A Government Accountability Office report found that the FDA still has not met the requirements of the 2011 Food Safety Modernization Act.
The law (FSMA) was written to shift the Food and Drug Administration's focus from responding to preventing foodborne illnesses. The Government Accountability Office (GAO) report found that the FDA not only failed to implement FSMA requirements, but also failed to evaluate whether the framework put in place to date contributed to the prevention of foodborne illness.
One of the key requirements that the FDA has failed to meet is the creation of a system to improve food traceability capabilities, which is critical to detecting and containing outbreaks of foodborne illnesses. FDA officials told GAO investigators that the agency would have until July 2028 to create a food traceability system. This is 17 years after FSMA was signed into law.
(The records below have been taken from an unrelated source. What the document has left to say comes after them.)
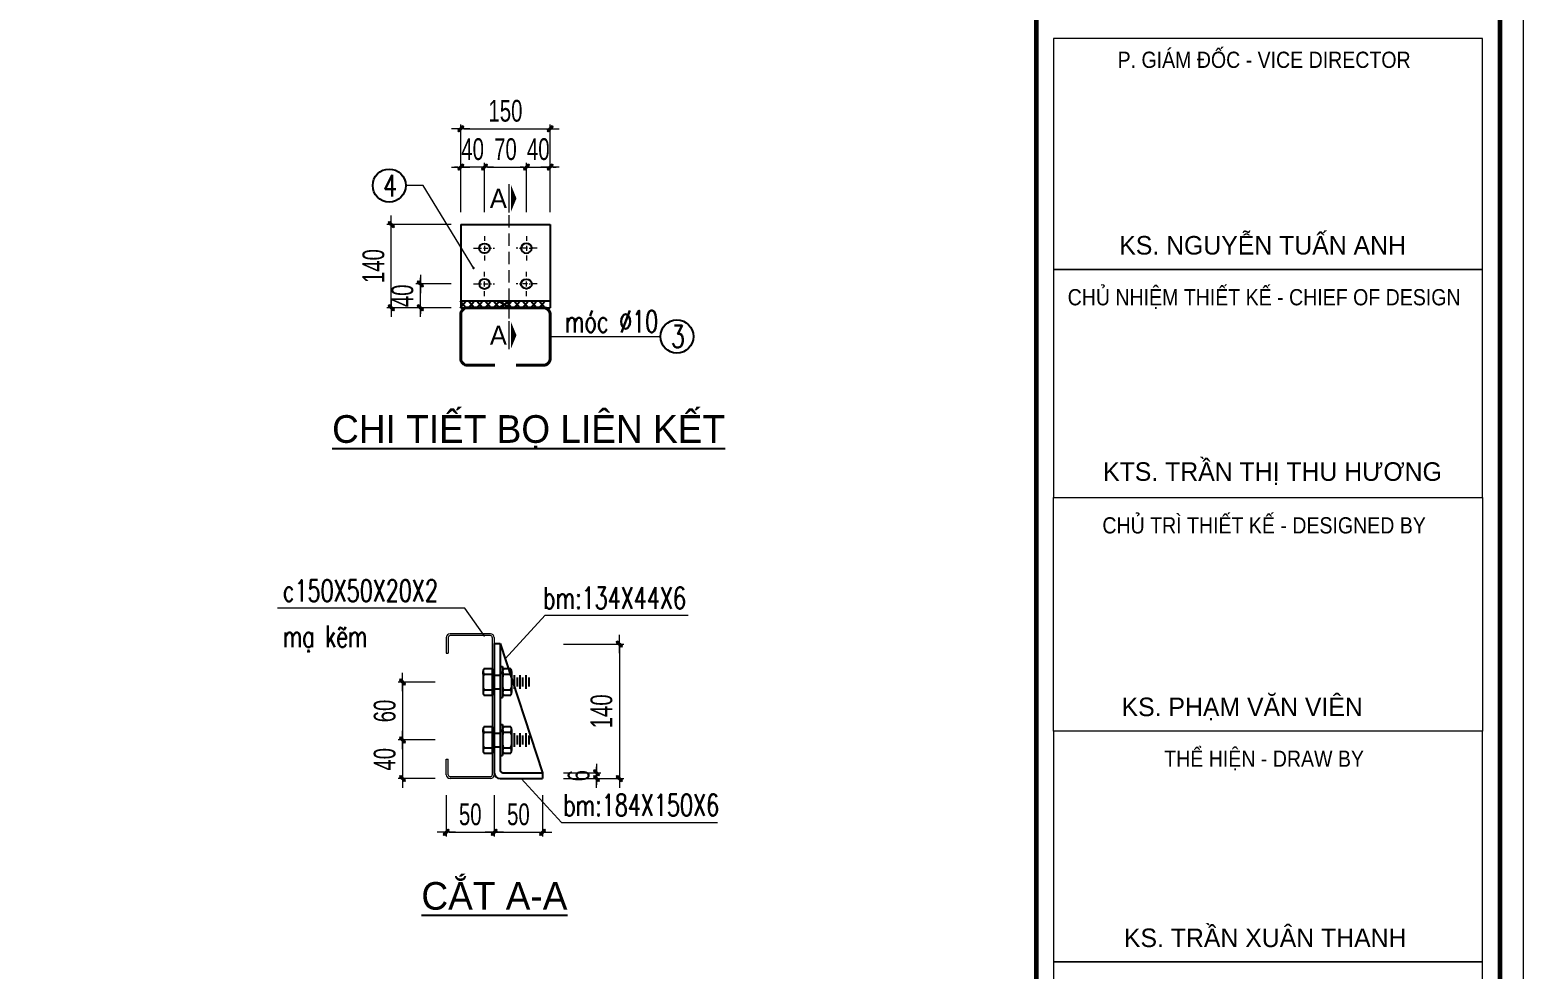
# Model space of a CAD drawing. Header units: millimetres. Extents: x 3174748 to 6019813, y -1021377 to -162175.
# Drawn here: x 4418778 to 4446098, y -347152 to -329965 of the extents above; entities that cross this region are included whole.
import ezdxf
from ezdxf.enums import TextEntityAlignment as Align

# ---------------------------------------------------------------- set-up
doc = ezdxf.new("R2010")
doc.units = ezdxf.units.MM
doc.header["$LTSCALE"] = 60
doc.header["$MEASUREMENT"] = 0
doc.linetypes.add('DASHDOT', pattern=[1, 0.5, -0.25, 0, -0.25])
doc.linetypes.add('HIDDEN', pattern=[0.375, 0.25, -0.125])
doc.layers.get('DEFPOINTS').update_dxf_attribs({"lineweight": 0})
doc.layers.add('08', color=8, linetype='Continuous')
doc.layers.add('8', color=8, linetype='Continuous')
for name, color, linetype, lineweight in [('dim', 144, 'Continuous', 13), ('ISO', 153, 'Continuous', 13), ('Khungten_LCDI', 7, 'Continuous', 5), ('LC Dim', 8, 'Continuous', 18), ('LC ISO', 153, 'Continuous', 13), ('LC Khac', 4, 'Continuous', 9), ('LC MANH DUT', 35, 'HIDDEN', 5), ('LC Net dam2', 6, 'Continuous', 40), ('LC Net thay', 7, 'Continuous', 25), ('LC Net truc', 79, 'DASHDOT', 13), ('LC Text1', 3, 'Continuous', 20), ('LC Text2', 7, 'Continuous', 25)]:
    doc.layers.add(name, color=color, linetype=linetype, lineweight=lineweight)
doc.styles.add('HOATBIF', font='hoatbif.shx', dxfattribs={"width": 0.7})
doc.styles.add('Khungten', font='VHAVAN.TTF', dxfattribs={"width": 0.9, "height": 5000})
doc.styles.add('LC 1', font='VHAVANB.TTF')
doc.styles.add('LC 3', font='vnsimli.shx', dxfattribs={"width": 0.75})
doc.styles.add('Title', font='VHBLACK.TTF', dxfattribs={"width": 0.8})
doc.styles.add('VNAVANTH', font='VHAVANB.TTF', dxfattribs={"width": 0.6})
doc.dimstyles.new('1-100', dxfattribs={"dimscale": 100, "dimtxt": 2.5, "dimasz": 0.35, "dimexe": 0.5, "dimexo": 0, "dimgap": 0.8, "dimtad": 1, "dimdec": 0, "dimzin": 0, "dimdsep": 46, "dimtxsty": 'HOATBIF', "dimblk1": 'DOT', "dimblk2": 'DOT', "dimsah": 1, "dimcen": -1, "dimdle": 1, "dimclrd": 256, "dimclre": 256, "dimclrt": 4, "dimadec": 3, "dimazin": 2, "dimtfac": 0.333333, "dimtdec": 0, "dimtix": 1, "dimtmove": 2, "dimatfit": 3, "dimldrblk": 'DOT', "dimfxl": 1, "dimtvp": 0.833333, "dimtolj": 1, "dimtzin": 0, "dimarcsym": 0})
doc.dimstyles.new('1-135', dxfattribs={"dimscale": 135, "dimtxt": 2.5, "dimasz": 0.35, "dimexe": 0.5, "dimexo": 0, "dimgap": 0.8, "dimtad": 1, "dimdec": 0, "dimzin": 0, "dimdsep": 46, "dimtxsty": 'HOATBIF', "dimblk1": 'DOT', "dimblk2": 'DOT', "dimsah": 1, "dimcen": -1, "dimdle": 1, "dimclrd": 256, "dimclre": 256, "dimclrt": 4, "dimadec": 3, "dimazin": 2, "dimtfac": 0.333333, "dimtdec": 0, "dimtix": 1, "dimtmove": 2, "dimatfit": 3, "dimldrblk": 'DOT', "dimfxl": 1, "dimtvp": 0.833333, "dimtolj": 1, "dimtzin": 0, "dimarcsym": 0})
doc.dimstyles.new('1-160', dxfattribs={"dimscale": 160, "dimtxt": 2.5, "dimasz": 0.35, "dimexe": 0.5, "dimexo": 0, "dimgap": 0.8, "dimtad": 1, "dimdec": 0, "dimzin": 0, "dimdsep": 46, "dimtxsty": 'HOATBIF', "dimblk1": 'DOT', "dimblk2": 'DOT', "dimsah": 1, "dimcen": -1, "dimdle": 1, "dimclrd": 256, "dimclre": 256, "dimclrt": 4, "dimadec": 3, "dimazin": 2, "dimtfac": 0.333333, "dimtdec": 0, "dimtix": 1, "dimtmove": 2, "dimatfit": 3, "dimldrblk": 'DOT', "dimfxl": 1, "dimtvp": 0.833333, "dimtolj": 1, "dimtzin": 0, "dimarcsym": 0})

# ---------------------------------------------------------------- blocks, each defined once
blk = doc.blocks.new('TIEUDE2')
at = {"layer": 'LC Text2', "color": 7, "style": 'LC 1'}
blk.add_attdef('%%UTIªU§Ò', text='', height=3.5, dxfattribs=at).set_placement((0, 0), align=Align.BOTTOM_CENTER)
blk.add_attdef('TL', text='', height=2.2, dxfattribs=at).set_placement((0, -1.8), align=Align.TOP_CENTER)
blk = doc.blocks.new('DOT')
at = {"layer": 'LC Dim'}
blk.add_line((-3, 0), (3, 0), dxfattribs=at)
at = {"layer": 'LC Dim', "color": 4}
blk.add_line((-1, -1), (1, 1), dxfattribs=at)
blk.add_lwpolyline([(0.5, 1), (-1, -0.5), (-0.5, -1), (1, 0.5)], close=True, dxfattribs=at)
blk = doc.blocks.new('*D10')
at = {"layer": 'DEFPOINTS', "color": 0, "ltscale": 0.3, "transparency": 16777216}
for p in [(3330751, -441011), (3329106, -442546, -2000), (3330751, -442546, -2000)]:
    blk.add_point(p, dxfattribs=at)
at = {"layer": 'LC Dim', "lineweight": -2, "ltscale": 0.3, "transparency": 16777216}
for p, q in [((3329106, -442546), (3329106, -440931)), ((3330751, -442546), (3330751, -440931)), ((3329162, -441011), (3330695, -441011))]:
    blk.add_line(p, q, dxfattribs=at)
at = {"layer": 'LC Dim', "lineweight": -2, "ltscale": 0.3, "transparency": 16777216, "xscale": 56, "yscale": 56, "zscale": 56, "rotation": 180}
blk.add_blockref('DOT', (3329106, -441011), dxfattribs=at)
at = {"layer": 'LC Dim', "lineweight": -2, "ltscale": 0.3, "transparency": 16777216, "xscale": 56, "yscale": 56, "zscale": 56}
blk.add_blockref('DOT', (3330751, -441011), dxfattribs=at)
at = {"layer": 'LC Dim', "color": 4, "ltscale": 0.3, "transparency": 16777216, "insert": (3329929, -440683), "char_height": 400, "attachment_point": 5, "style": 'HOATBIF'}
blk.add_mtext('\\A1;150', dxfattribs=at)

In conducting its review, GAO focused on sections of FSMA that provide the foundation for establishing a modern, risk-based food safety system. GAO compared FDA's efforts to FSMA requirements and key federal performance management practices that GAO developed based on federal laws, guidance, and GAO's past work. GAO also interviewed agency officials and 17 selected stakeholders representing industry associations, consumer advocacy groups, and state and local regulators.
What the GAO found
Although FSMA was signed into law on January 4, 2011, the FDA did not begin issuing the required regulations until 2015. Since then, the agency has issued nine regulations aimed at preventing foodborne illnesses.
However, the FDA has yet to comply with five FSMA requirements. The agency failed to:
- issue guidance on hazard analysis and preventive food control;
- issue guidance on protecting against intentional adulteration or adulteration of food products;
- progress report on establishing a national network of food emergency response laboratories;
- publish updated best agricultural practices for fruits and vegetables; And
- create a system to improve the FDA's ability to track food products in the United States.
In its defense, FDA officials said that “competing priorities” and the agency's 2024 reorganization contributed to the agency's failure to comply with the 2011 FSMA.
According to the GAO report, although the FDA has published the nine rules required by FSMA, it has not developed performance management processes to assess whether the industry is meeting the requirements of those rules.
GAO Recommendations
The GAO report identified seven actions that FDA must take to comply with FSMA requirements. The Department of Health and Human Services, which houses the FDA, agrees with the recommendations, according to the GAO.
GAO's seven recommendations:
- The FDA Commissioner must ensure that the Human Food Program establishes timelines for completing the development of the agency's guidance on hazard analysis and preventative controls for human foods and issues guidance consistent with the requirements of section 103 of FSMA.
- The FDA Commissioner must ensure that the Human Food Program establishes a timeline for completing the development of agency guidance to protect against intentional food adulteration and issues guidance consistent with the requirements of section 106 of FSMA.
- The FDA Commissioner must ensure that the Human Food Program publishes a report in 2025 on progress in establishing a national network of food emergency response laboratories, as required by section 202 of FSMA. If the FDA does not plan to publish the report in 2025, it should inform Congress and stakeholders in a timely manner about when it plans to publish the report.
- The FDA Commissioner must ensure that the Human Food Program establishes milestones and deadlines for publishing future reports on progress in establishing a national network of food emergency response laboratories, and publishes reports consistent with the requirements of section 202 of FSMA.
- The FDA Commissioner must ensure that the Human Food Program establishes milestones and timelines for updating the agency's best agricultural practices for fruits and vegetables and publishes them in accordance with the requirements of section 105 of FSMA.
- The FDA Commissioner must ensure that the Human Food Program develops a plan with milestones and timelines for establishing a food traceability system to improve FDA's existing processes for responding to foodborne outbreaks, and establishes a system consistent with the requirements of section 204 of FSMA.
- The FDA Commissioner must ensure that the Human Food Program and the Center for Veterinary Medicine develop and implement a performance management process to evaluate the impact of FDA regulations and their contribution to the prevention of foodborne illness. This process should include setting goals to determine the results to be achieved, collecting information to measure performance, and using this information to evaluate results and justify decisions for each rule.